Oracle AI technology took a leap forward this year with the announcement of Oracle Adaptive Intelligent Applications for finance, HR, manufacturing, sales and marketing, among others -- and the Autonomous Database, which uses machine learning to largely automate database management and security.

What do the Oracle AI moves mean for the vendor and its customers? Holger Mueller, vice president and principal analyst at Constellation Research, gave his analysis in a podcast at the 2017 Oracle OpenWorld conference in San Francisco, where the products were announced.

"We were almost worried that Oracle might miss the whole AI train. So, this year, they caught up on some of them," Mueller said, referring to earlier moves into artificial intelligence by ERP competitors such as SAP and Infor. "The question is, can you have this uber-intelligence across your suite or do you have to build smaller apps?"

Mueller said Infor's Coleman AI platform works across software domains, while the Oracle AI technology is more modular.

Mueller added the main Oracle AI apps are in the customer experience realm, "where Oracle probably is the strongest and has the most experience," but called the new applications for human capital management and finance "exciting."

He said Oracle is going through a fast process of developing AI at multiple levels of its software stack, starting with a foundation of platform as a service and infrastructure as a service.

"That should be a bigger platform for everybody; not just for Oracle building packaged applications, but also for customers building their own," Mueller said.

What's the role of data scientists in AI?

A session on the new Oracle AI for manufacturers featured a data scientist, raising the question of how much human intervention is required for AI's analytical functions.

"I'm always worried when a data scientist steps up," Mueller said. "I have nothing against them -- they are very smart, talented individuals," but it means people are involved.

"Companies cannot rely on single data scientists to do the AI," he said. "It has to be in software, which is why the neural networks are so popular right now, because software architectures can learn and build those neural networks continuously. They don't have to sleep, they don't have to go to the bathroom, they don't have to take breaks, they don't take vacations [and] they don't have bad days."

Mueller called the Autonomous Database announcement "the biggest up-sell ever at an OpenWorld.

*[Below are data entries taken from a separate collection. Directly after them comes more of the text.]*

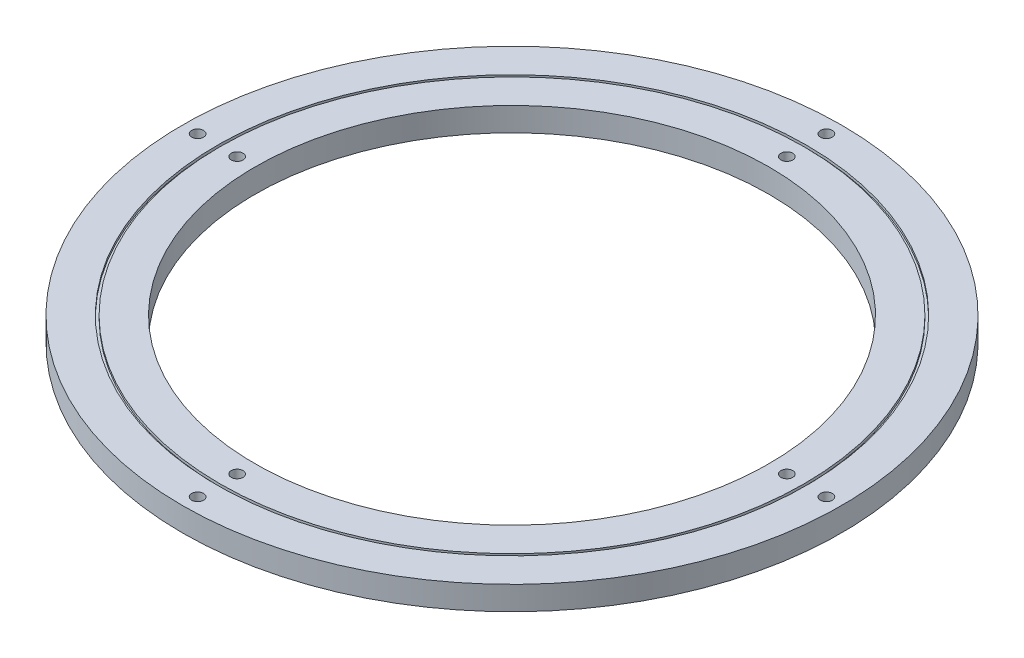
SolidWorks part; units mm, degrees
ref_plane "Front Plane" through (0, 0, 0) normal (0, 0, 1) x (1, 0, 0)
ref_plane "Top Plane" through (0, 0, 0) normal (0, 1, 0) x (1, 0, 0)
ref_plane "Right Plane" through (0, 0, 0) normal (1, 0, 0) x (0, 0, -1)
sketch "Sketch1" plane through (0, 0, 0) normal (0, 0, 1) x (1, 0, 0)
  line L0 (-97.5, -4.5) -> (-97.5, 4.5)
  line L1 (-97.5, 4.5) -> (-110.75, 4.5)
  line L2 (-110.75, 4.5) -> (-110.75, 3.5)
  line L3 (-110.75, 3.5) -> (-111.75, 3.5)
  line L4 (-111.75, 3.5) -> (-111.75, 4.5)
  line L5 (-111.75, 4.5) -> (-125, 4.5)
  line L6 (-125, 4.5) -> (-125, -4.5)
  line L7 (-125, 0) -> (-97.5, 0) construction
  line L8 (0, 0) -> (0, 128.5714) construction
  line L9 (-97.5, -4.5) -> (-110.75, -4.5)
  line L10 (-110.75, -4.5) -> (-110.75, -3.5)
  line L11 (-111.75, -3.5) -> (-111.75, -4.5)
  line L12 (-110.75, -3.5) -> (-111.75, -3.5)
  line L13 (-111.75, -4.5) -> (-125, -4.5)
  dimension "D1" = 195
  dimension "D2" = 9
  dimension "D3" = 1
  dimension "D4" = 1
  dimension "D5" = 250
revolve "Revolve1" add sketch "Sketch1" angle 360 about L8
hole_wizard "CSK for M4 Flat Head Machine Screw1" positions "Sketch2" profile "Sketch3" countersink size "M4" standard "ANSI Metric" end condition through all
sketch "Sketch2" plane through (0, -4.5, 0) normal (0, -1, 0) x (-1, 0, 0)
  circle A0 centre (0, 0) radius 104.25 construction
  circle A1 centre (0, 0) radius 119.25 construction
  point P12 (0, 104.25)
  point P14 (0, 119.25)
  point P21 (104.25, 0)
  point P22 (119.25, 0)
  point P23 (0, -104.25)
  point P24 (0, -119.25)
  point P25 (-104.25, 0)
  point P26 (-119.25, 0)
  dimension "D1" = 208.5
  dimension "D2" = 238.5
  dimension "D3" = 4
sketch "Sketch3" plane through (119.25, -4.5, 0) normal (1, 0, 0) x (0, 0, -1)
  line L0 (0, 0) -> (0, 9)
  line L1 (0, 9) -> (2.25, 9)
  line L2 (2.25, 9) -> (2.25, 2.45)
  line L3 (2.25, 2.45) -> (4.7, 0)
  line L5 (4.7, 0) -> (0, 0)
  line L6 (-2.25, 2.45) -> (-4.7, 0) construction
  line L11 (0, -6.35) -> (0, 107.95) construction
  dimension "Thru Hole Dia." = 4.5
  dimension "Thru Hole Depth" = 9
  dimension "Near C'Sink Dia." = 9.4
  dimension "Near C'Sink Angle" = 90
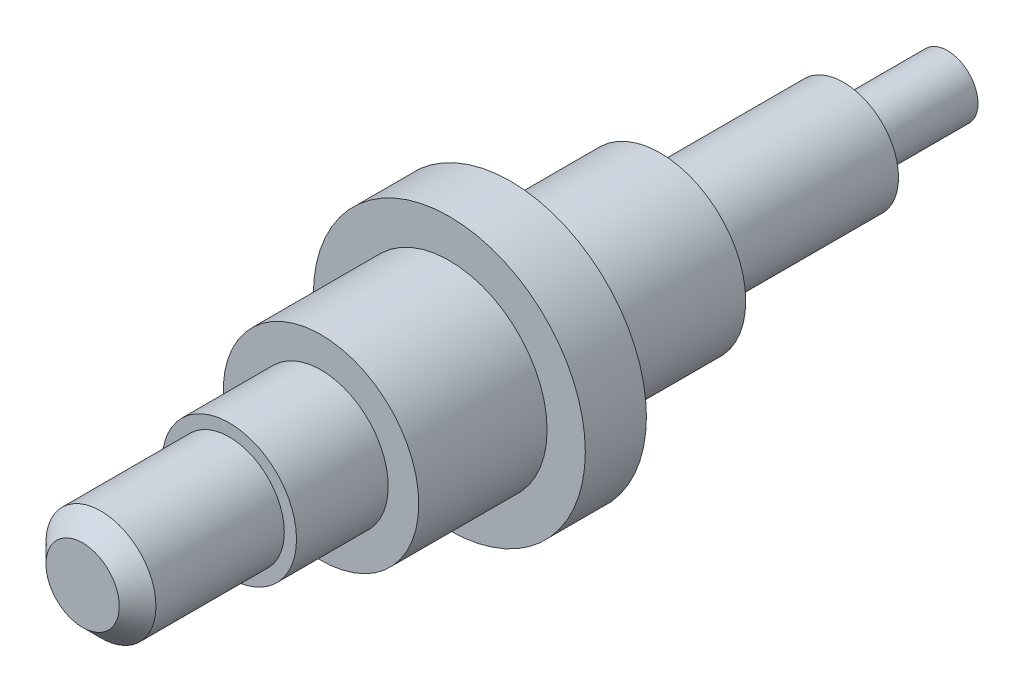
SolidWorks part; units mm, degrees
ref_plane "Front Plane" through (0, 0, 0) normal (0, 0, 1) x (1, 0, 0)
ref_plane "Top Plane" through (0, 0, 0) normal (0, 1, 0) x (1, 0, 0)
ref_plane "Right Plane" through (0, 0, 0) normal (1, 0, 0) x (0, 0, -1)
sketch "Sketch1" plane through (0, 0, 0) normal (1, 0, 0) x (0, 0, -1)
  line L1 (0, 0) -> (24, 0)
  line L2 (0, 0) -> (0, 9)
  line L3 (0, 9) -> (24, 9)
  line L4 (24, 0) -> (24, 9)
  line L5 (24, 0) -> (39, 0)
  line L6 (24, 0) -> (24, 11)
  line L7 (24, 11) -> (39, 11)
  line L8 (39, 0) -> (39, 11)
  line L9 (39, 0) -> (60, 0)
  line L10 (39, 0) -> (39, 16)
  line L11 (39, 16) -> (60, 16)
  line L12 (60, 0) -> (60, 16)
  line L13 (60, 0) -> (70, 0)
  line L14 (60, 0) -> (60, 22.25)
  line L15 (60, 22.25) -> (70, 22.25)
  line L16 (70, 0) -> (70, 22.25)
  line L17 (70, 0) -> (94.5, 0)
  line L18 (70, 0) -> (70, 14)
  line L19 (70, 14) -> (94.5, 14)
  line L20 (94.5, 0) -> (94.5, 14)
  line L21 (94.5, 0) -> (124.5, 0)
  line L22 (94.5, 0) -> (94.5, 9)
  line L23 (94.5, 9) -> (124.5, 9)
  line L24 (124.5, 0) -> (124.5, 9)
  line L25 (124.5, 0) -> (141.5, 0)
  line L26 (124.5, 0) -> (124.5, 5)
  line L27 (124.5, 5) -> (141.5, 5)
  line L28 (141.5, 0) -> (141.5, 5)
  dimension "D1" = 9
  dimension "D2" = 24
  dimension "D3" = 15
  dimension "D4" = 11
  dimension "D5" = 21
  dimension "D6" = 16
  dimension "D7" = 10
  dimension "D8" = 22.25
  dimension "D9" = 14
  dimension "D10" = 30
  dimension "D11" = 9
  dimension "D12" = 17
  dimension "D13" = 5
  dimension "D14" = 24.5
revolve "Revolve1" add sketch "Sketch1" angle 360 about L13
chamfer "Chamfer1" distance 3 angle 45 1 edges at (9, 0, 0)

Who is going to say 'I don't need security,' right now, with everything that's going on?"

Nevertheless, he sees benefits in using AI to help automate database administration and minimize human error.

"I think Oracle learned a lot [with] their Cloud at Customer [suite], where they manage the systems," Mueller said, adding that Oracle is ahead of database rivals IBM and Microsoft in exploiting the cloud.

Mueller also discussed Oracle's migration to software-as-a-service ERP, noting that company officials told attendees that users of its older, on-premises ERP brands -- PeopleSoft, E-Business Suite and JD Edwards -- should consider Oracle ERP Cloud. Oracle's reasoning, Mueller said, was that ERP Cloud had reached "functional parity or functional superiority. That's a major milestone [and] they seem to have caught up on the manufacturing side."

In addition, the new recruiting module in Oracle HCM Cloud filled "the only big crater in the whole HCM suite single-cloud-platform story," he said.